**GOAL OF THE EXERCISE**
Each line of the data below that contains "schematic" must be copied.

**Collected data**
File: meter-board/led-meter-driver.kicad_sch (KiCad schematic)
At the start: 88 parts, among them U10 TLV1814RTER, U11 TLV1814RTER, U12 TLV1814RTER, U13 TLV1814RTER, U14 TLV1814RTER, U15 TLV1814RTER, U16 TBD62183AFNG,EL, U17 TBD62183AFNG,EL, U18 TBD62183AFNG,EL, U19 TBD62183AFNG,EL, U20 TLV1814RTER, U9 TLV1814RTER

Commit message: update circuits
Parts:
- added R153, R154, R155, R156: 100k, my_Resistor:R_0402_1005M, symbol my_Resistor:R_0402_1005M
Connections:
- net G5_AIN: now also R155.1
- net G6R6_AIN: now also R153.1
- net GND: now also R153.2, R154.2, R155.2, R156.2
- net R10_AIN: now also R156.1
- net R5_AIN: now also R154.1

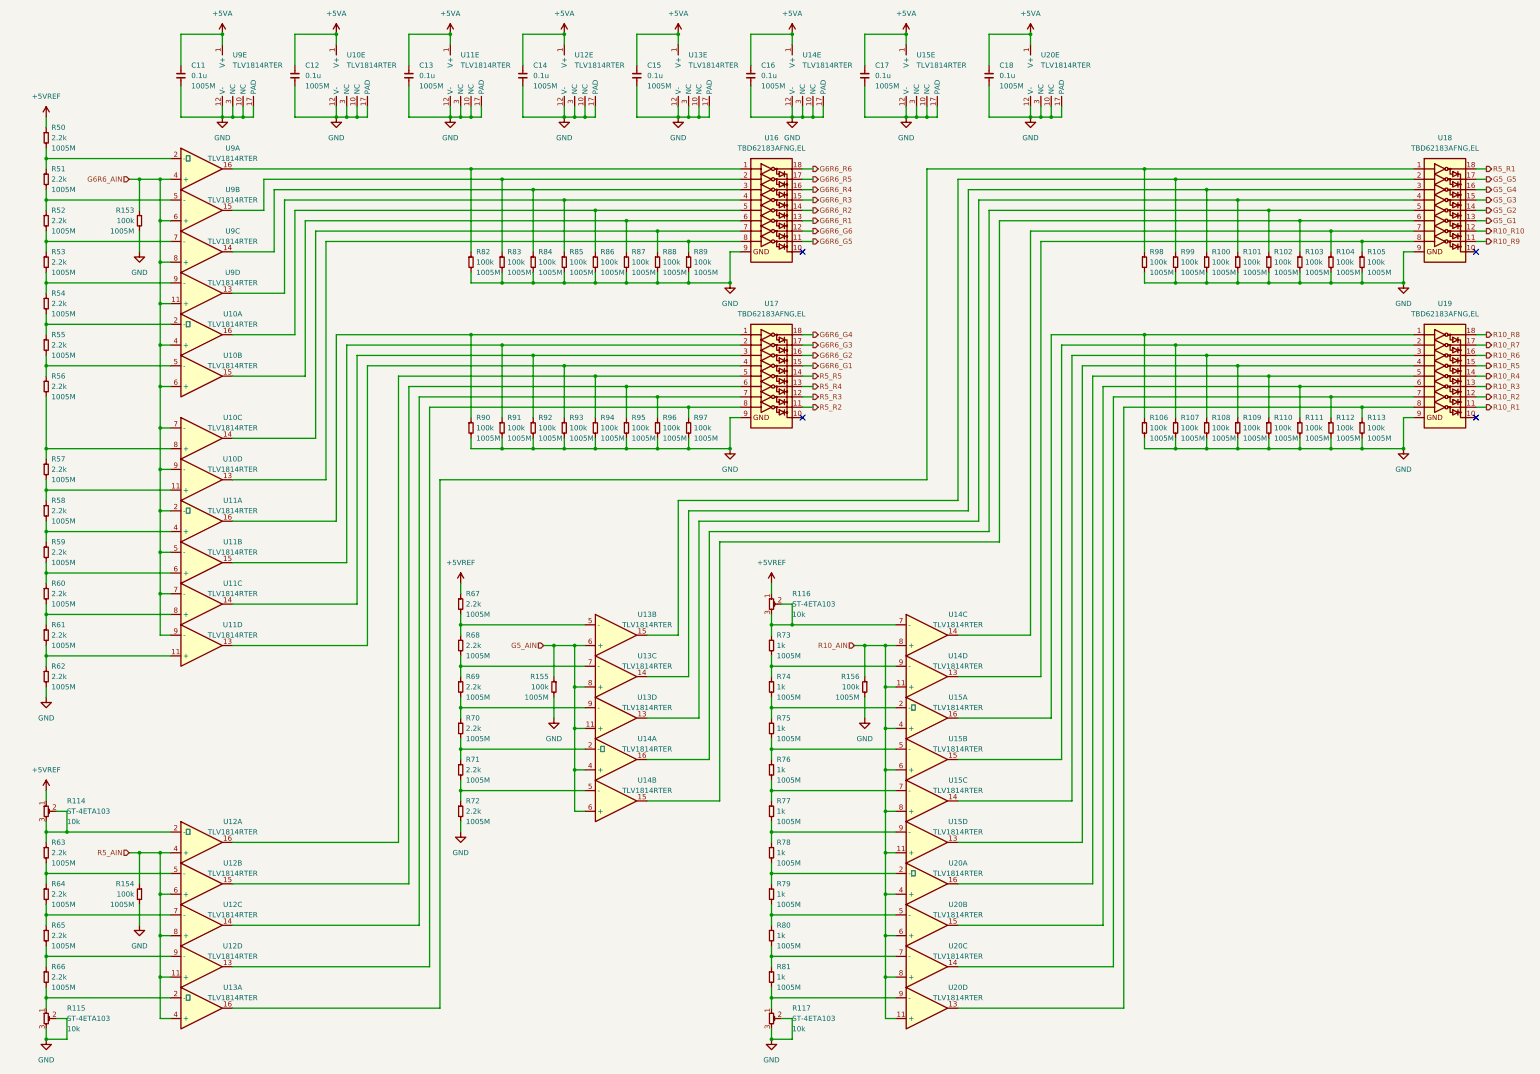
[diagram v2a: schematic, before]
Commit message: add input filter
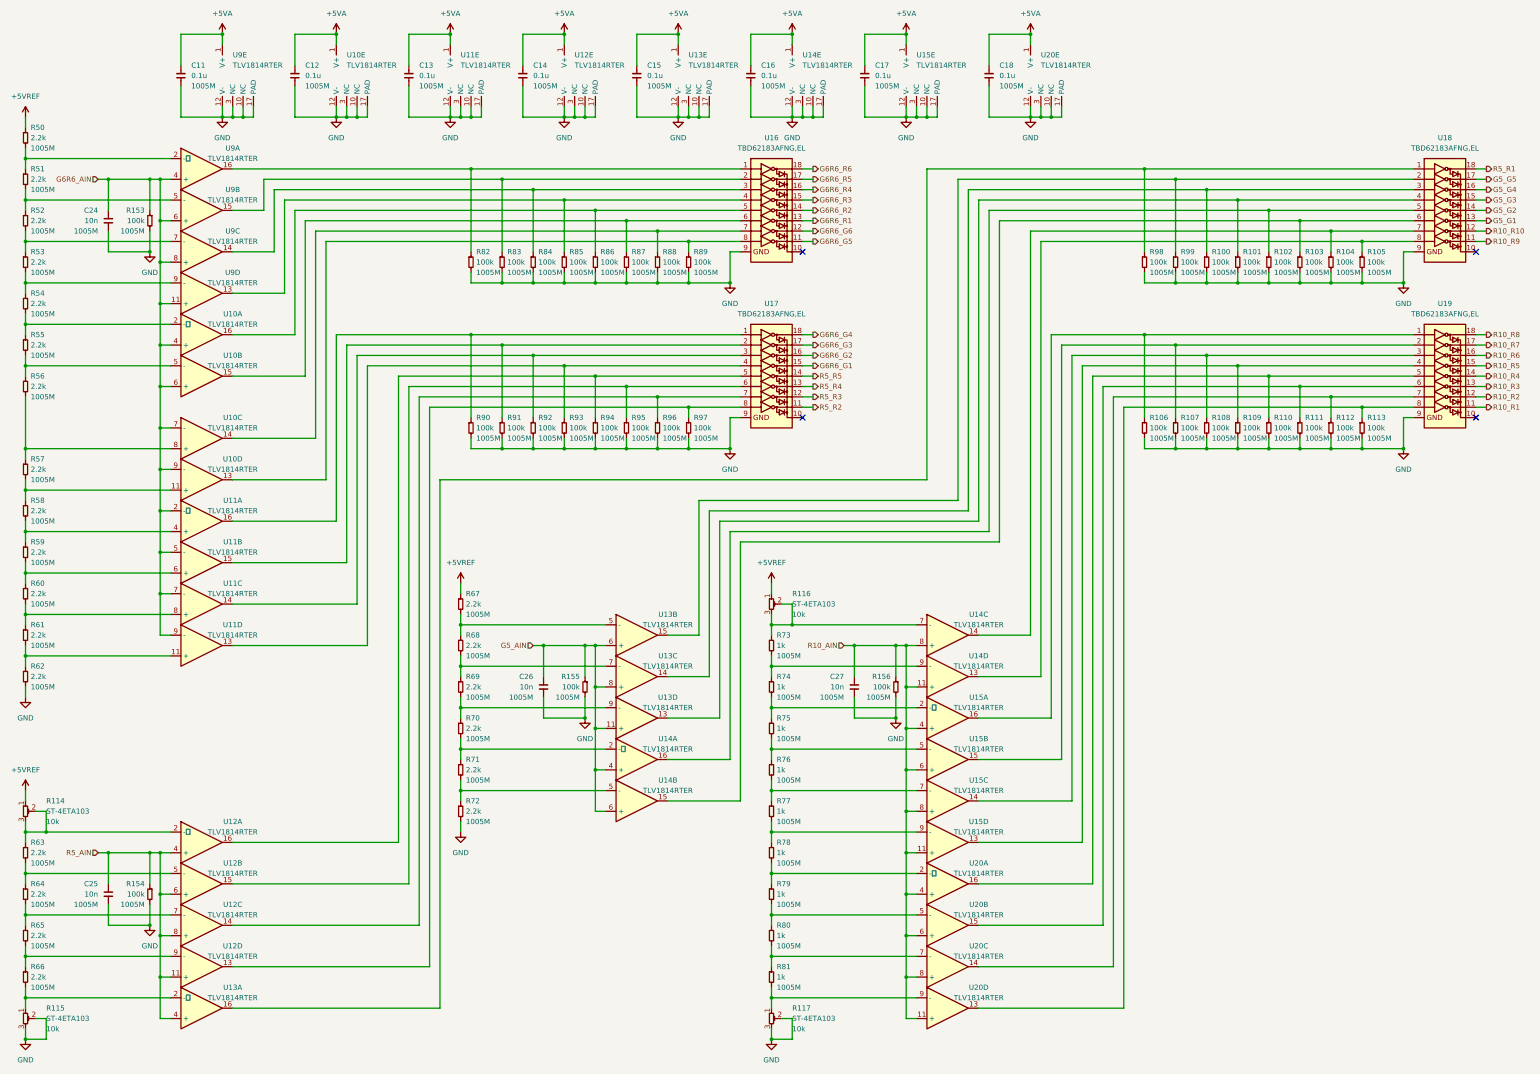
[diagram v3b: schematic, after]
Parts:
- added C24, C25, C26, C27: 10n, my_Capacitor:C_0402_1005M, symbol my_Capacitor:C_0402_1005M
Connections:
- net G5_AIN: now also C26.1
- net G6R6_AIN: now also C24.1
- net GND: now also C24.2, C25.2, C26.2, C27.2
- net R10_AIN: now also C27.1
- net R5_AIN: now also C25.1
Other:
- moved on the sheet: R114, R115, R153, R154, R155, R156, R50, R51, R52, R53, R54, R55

**TASK RESPONSE**
File: meter-board/led-meter-driver.kicad_sch (KiCad schematic)
[diagram v2a: schematic, before]
[diagram v3b: schematic, after]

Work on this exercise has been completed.